==== THE INPUT

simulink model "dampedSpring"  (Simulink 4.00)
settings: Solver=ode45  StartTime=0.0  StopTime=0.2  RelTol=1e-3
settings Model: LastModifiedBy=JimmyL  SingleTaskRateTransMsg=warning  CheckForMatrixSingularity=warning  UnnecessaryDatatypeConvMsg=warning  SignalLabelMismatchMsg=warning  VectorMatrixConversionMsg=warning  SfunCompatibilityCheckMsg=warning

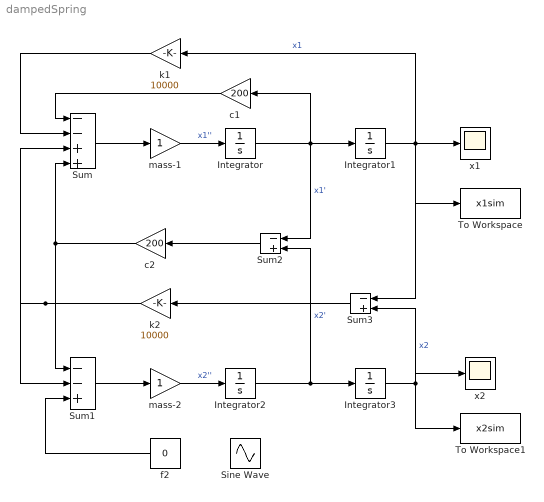
== system dampedSpring ==
  Integrator : Integrator  ExternalReset=none  InitialConditionSource=internal  InitialCondition=0  LimitOutput=off  UpperSaturationLimit=inf  LowerSaturationLimit=-inf  ShowSaturationPort=off  ShowStatePort=off  AbsoluteTolerance=auto
  Integrator1 : Integrator  ExternalReset=none  InitialConditionSource=internal  InitialCondition=0  LimitOutput=off  UpperSaturationLimit=inf  LowerSaturationLimit=-inf  ShowSaturationPort=off  ShowStatePort=off  AbsoluteTolerance=auto
  Integrator2 : Integrator  ExternalReset=none  InitialConditionSource=internal  InitialCondition=0  LimitOutput=off  UpperSaturationLimit=inf  LowerSaturationLimit=-inf  ShowSaturationPort=off  ShowStatePort=off  AbsoluteTolerance=auto
  Integrator3 : Integrator  ExternalReset=none  InitialConditionSource=internal  InitialCondition=0.01  LimitOutput=off  UpperSaturationLimit=inf  LowerSaturationLimit=-inf  ShowSaturationPort=off  ShowStatePort=off  AbsoluteTolerance=auto
  Sine Wave : Sin  SineType=Time-based  Amplitude=0.1  Bias=0  Frequency=10  Phase=0  Samples=10  SampleTime=0  Offset=0
  Sum : Sum  Inputs=--++  SaturateOnIntegerOverflow=on
  Sum1 : Sum  Inputs=--+  SaturateOnIntegerOverflow=on
  Sum2 : Sum  Orientation=left  Inputs=-+  SaturateOnIntegerOverflow=on
  Sum3 : Sum  Orientation=left  Inputs=-+  SaturateOnIntegerOverflow=on
  To Workspace : ToWorkspace  VariableName=x1sim  SampleTime=1e-3  SaveFormat=Array
  To Workspace1 : ToWorkspace  VariableName=x2sim  SampleTime=1e-3  SaveFormat=Array
  c1 : Gain  Orientation=left  Gain=200  Multiplication=Element-wise(K.*u)  SaturateOnIntegerOverflow=on
  c2 : Gain  Description=c2  Orientation=left  Gain=200  Multiplication=Element-wise(K.*u)  SaturateOnIntegerOverflow=on
  f2 : Constant  Orientation=left  Value=0
  k1 : Gain  Orientation=left  Gain=10000  Multiplication=Element-wise(K.*u)  SaturateOnIntegerOverflow=on
  k2 : Gain  Orientation=left  Gain=10000  Multiplication=Element-wise(K.*u)  SaturateOnIntegerOverflow=on
  mass-1 : Gain  Gain=1  Multiplication=Element-wise(K.*u)  SaturateOnIntegerOverflow=on
  mass-2 : Gain  Gain=1  Multiplication=Element-wise(K.*u)  SaturateOnIntegerOverflow=on
  x1 : Scope
      settings: TimeRange=0.2  YMin=-0.001  YMax=0.0015  SaveToWorkspace=off  SaveName=ScopeData  LimitDataPoints=on  MaxDataPoints=5000  SampleTime=1e-4
  x2 : Scope
      settings: TimeRange=0.2  YMin=-0.002  YMax=0.01  SaveToWorkspace=off  LimitDataPoints=on  MaxDataPoints=5000  SampleTime=1e-4
  wires:
  Sum/1 -> mass-1/1
  mass-1/1 -> Integrator/1  "x1''"
  c2/1 -> Sum/4, Sum1/1
  Integrator/1 -> Integrator1/1, Sum2/1, c1/1  "x1'"
  k1/1 -> Sum/2
  Integrator1/1 -> k1/1, Sum3/1, x1/1, To Workspace/1  "x1"
  Sum1/1 -> mass-2/1
  mass-2/1 -> Integrator2/1  "x2''"
  Integrator2/1 -> Integrator3/1, Sum2/2  "x2'"
  Integrator3/1 -> Sum3/2, x2/1, To Workspace1/1  "x2"
  Sum2/1 -> c2/1
  Sum3/1 -> k2/1
  k2/1 -> Sum1/2, Sum/3
  c1/1 -> Sum/1
  f2/1 -> Sum1/3

========

AIM OF THE EXERCISE: Give back exactly the lines above starting at the line where "Integrator2 : Integrator" appears and ending at the line where "To Workspace : ToWorkspace" appears, both included, with no other lines.

TASK OUTPUT:
  Integrator2 : Integrator  ExternalReset=none  InitialConditionSource=internal  InitialCondition=0  LimitOutput=off  UpperSaturationLimit=inf  LowerSaturationLimit=-inf  ShowSaturationPort=off  ShowStatePort=off  AbsoluteTolerance=auto
  Integrator3 : Integrator  ExternalReset=none  InitialConditionSource=internal  InitialCondition=0.01  LimitOutput=off  UpperSaturationLimit=inf  LowerSaturationLimit=-inf  ShowSaturationPort=off  ShowStatePort=off  AbsoluteTolerance=auto
  Sine Wave : Sin  SineType=Time-based  Amplitude=0.1  Bias=0  Frequency=10  Phase=0  Samples=10  SampleTime=0  Offset=0
  Sum : Sum  Inputs=--++  SaturateOnIntegerOverflow=on
  Sum1 : Sum  Inputs=--+  SaturateOnIntegerOverflow=on
  Sum2 : Sum  Orientation=left  Inputs=-+  SaturateOnIntegerOverflow=on
  Sum3 : Sum  Orientation=left  Inputs=-+  SaturateOnIntegerOverflow=on
  To Workspace : ToWorkspace  VariableName=x1sim  SampleTime=1e-3  SaveFormat=Array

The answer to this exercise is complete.